Sveta smiles at that, which hopefully means I’m distracting her enough to charge her.
“You’re half right.”
“So what’s the other half of the story? What did you plan to do with me if you had found me in the chem lab? What other reason is there to make my photo go viral?”
“The photo was meant to scare your people into coming here and finishing what they started in Ukraine. Having your cover blown and making sure they knew Marchuk was in town assured that. It would be bad publicity if your government knew the CIA was employing teenage operatives on US soil. Spies dislike all publicity, no? Taking you as a hostage was the ace card, as you Amerikanski say.”
“You took over an entire school,” I say. “The authorities would have come running, with or without me as your hostage.”
“We didn’t want just any ‘authorities.’ We needed the same organization that took out the old man, so it would look like they were finishing the job. Many people want Junior gone. Clients might suspect Vadim was one of them—after all, the job would have been his if not for…” Sveta doesn’t finish, because it would mean admitting a time when she wasn’t smarter than me. That pause makes her look away for one second, allowing me to move another step closer. “Anyway, we needed our customers to believe the CIA finished him off. I mean, do you really think people would believe you took out Marchuk and his team single-handedly?”
When I don’t say anything, proving her right, she laughs.
“That is why the plan worked so well. You were so convinced the attack was about you, Prettyboy, you never saw the real threat coming. Do you think I would do all this to chase you here, to this country, just to ruin you?” She points the rifle at me. “I could have done that without either of us leaving Ukraine.”
She’s got a point there.
“Marchuk does not give a damn about you. Well, yes, he wanted to kill you,” she muses as she circles Bunker, never taking her eyes off me, “but avenging his father wasn’t enough to come out of hiding and put himself on American soil for easy capture. I gave him better bait.”
“Better bait? What are you talking about?”
It must be the bigger thing Katie still hasn’t told me about. The package. Which means I have absolutely zero leverage here because I was never critical to this mission. Marchuk might have wanted me brought in alive so he could kill me himself, but he’s probably in Berg’s custody by now. I am of no use to Sveta or Koval at this point.

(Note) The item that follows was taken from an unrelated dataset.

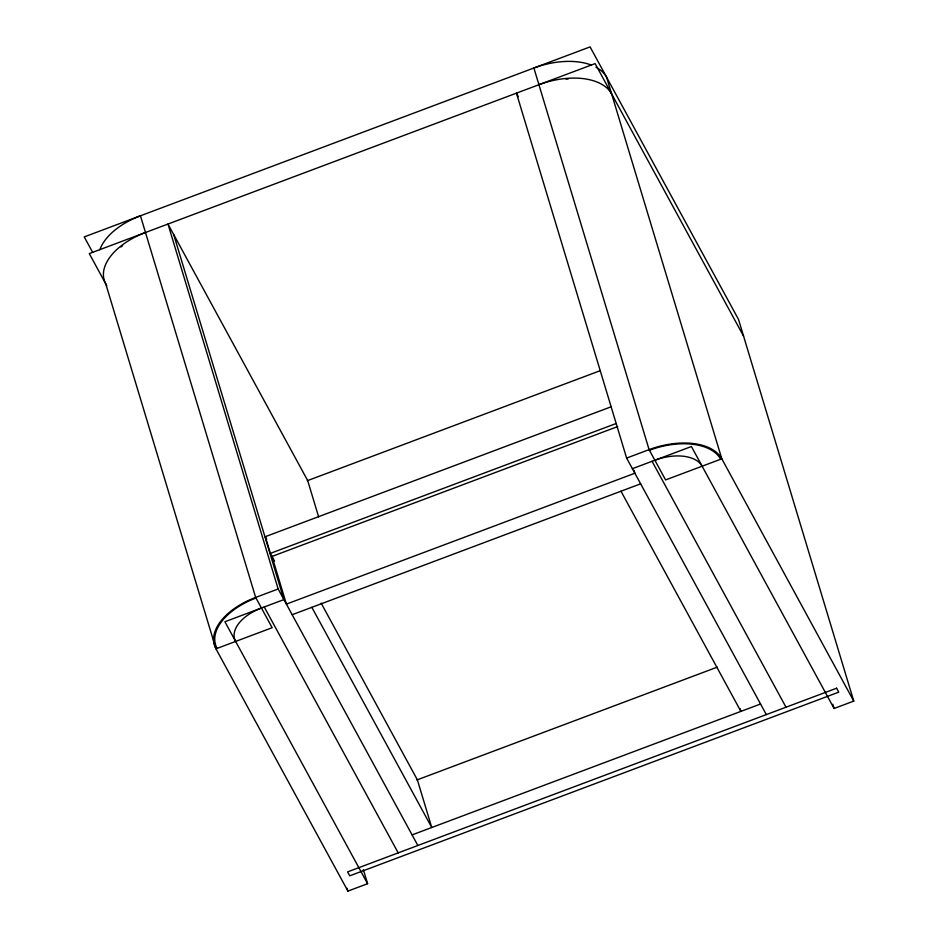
<?xml version="1.0" encoding="UTF-8"?>
<svg xmlns="http://www.w3.org/2000/svg" width="938" height="938" viewBox="0 0 938 938"><rect width="100%" height="100%" fill="white"/><g stroke="black" fill="none" stroke-linecap="round" stroke-linejoin="round"><path stroke-width="1.41" d="M307.277 480.713L600.39 370.604M274.553 561.135L270.343 553.385L265.302 536.688L611.025 406.834M270.343 553.385L616.067 423.53M617.72 426.556L271.997 556.422L286.395 604.119L634.862 473.233L634.018 470.419M417.856 845.49L278.152 588.982L255.664 597.424A60.325 33.991 -16.8 0 0 215.951 648.826L347.916 891.1L367.59 883.713L363.369 869.725M518.362 96.684L516.439 93.155L626.619 458.084L649.096 449.642A60.325 33.991 -16.8 0 1 721.803 458.811L853.756 701.096L834.093 708.483L691.412 446.523L632.388 468.683M292.164 614.718L640.642 483.832M416.894 779.97L717.347 667.117M412.087 834.89L760.554 704.004M743.576 336.156L595.126 63.596L89.286 253.6L106.791 285.75M652.062 461.297L785.997 707.205M626.619 458.084L766.334 714.604M620.968 491.219L740.891 711.391L740.035 708.577M321.148 603.146L417.351 779.795L431.761 827.504L311.838 607.332M265.302 536.688L266.709 539.268M92.639 252.334L84.244 236.904L590.084 46.9L738.534 319.459L853.756 701.096M264.246 606.968L398.193 852.877M367.59 883.713L224.909 621.742L283.921 599.581L173.741 234.652M832.827 704.286L834.093 708.483M318.65 516.908L307.676 480.561L167.972 224.053L278.152 588.982M347.072 888.298L347.916 891.1M538.916 84.713A60.325 33.991 -16.8 0 1 611.623 93.882M566.024 79.155A59.117 33.311 -16.8 0 1 568.229 78.991M649.436 450.252A59.117 33.311 -16.8 0 1 720.677 459.233M654.876 460.241A39.208 22.09 -16.8 0 1 702.128 466.198M145.484 232.495A60.325 33.991 -16.8 0 0 105.771 283.886L215.951 648.826L272.161 627.71L255.664 597.424L140.442 215.799A60.325 33.991 -16.8 0 0 99.838 249.707M120.967 246.987A59.117 33.311 -16.8 0 1 122.573 245.721M217.077 648.404A59.117 33.311 -16.8 0 1 255.992 598.034M235.626 641.428A39.208 22.09 -16.8 0 1 261.444 608.023M591.35 65.074A60.325 33.991 -16.8 0 0 533.886 68.017L649.096 449.642L665.593 479.928L721.803 458.811L606.581 77.186A60.325 33.991 -16.8 0 0 595.993 67.208M836.59 688.211L347.599 871.883L349.745 875.822L838.736 692.15L836.59 688.211"/></g></svg>

Sveta laughs, and I swear it is the laugh of a cartoon evil queen, but she doesn’t answer my question.
“Now that I’ve told you all my secrets, I have to kill you. And obviously, I’ll have to kill your friend, since he just heard all of that.”
“Wait a minute. Maybe we can work something out,” I say, reciting the desperate plea of captives everywhere.
“I know. It’s really too bad I have to kill you. You’re both so cute, and this one with the crush on me and all. But it must be done.”
Then the crazy chick starts singing a kid’s chant to figure out which of us she will shoot first. I’m going to die at the hands of a psycho, and the last words I’ll ever hear will be duck, duck, goose.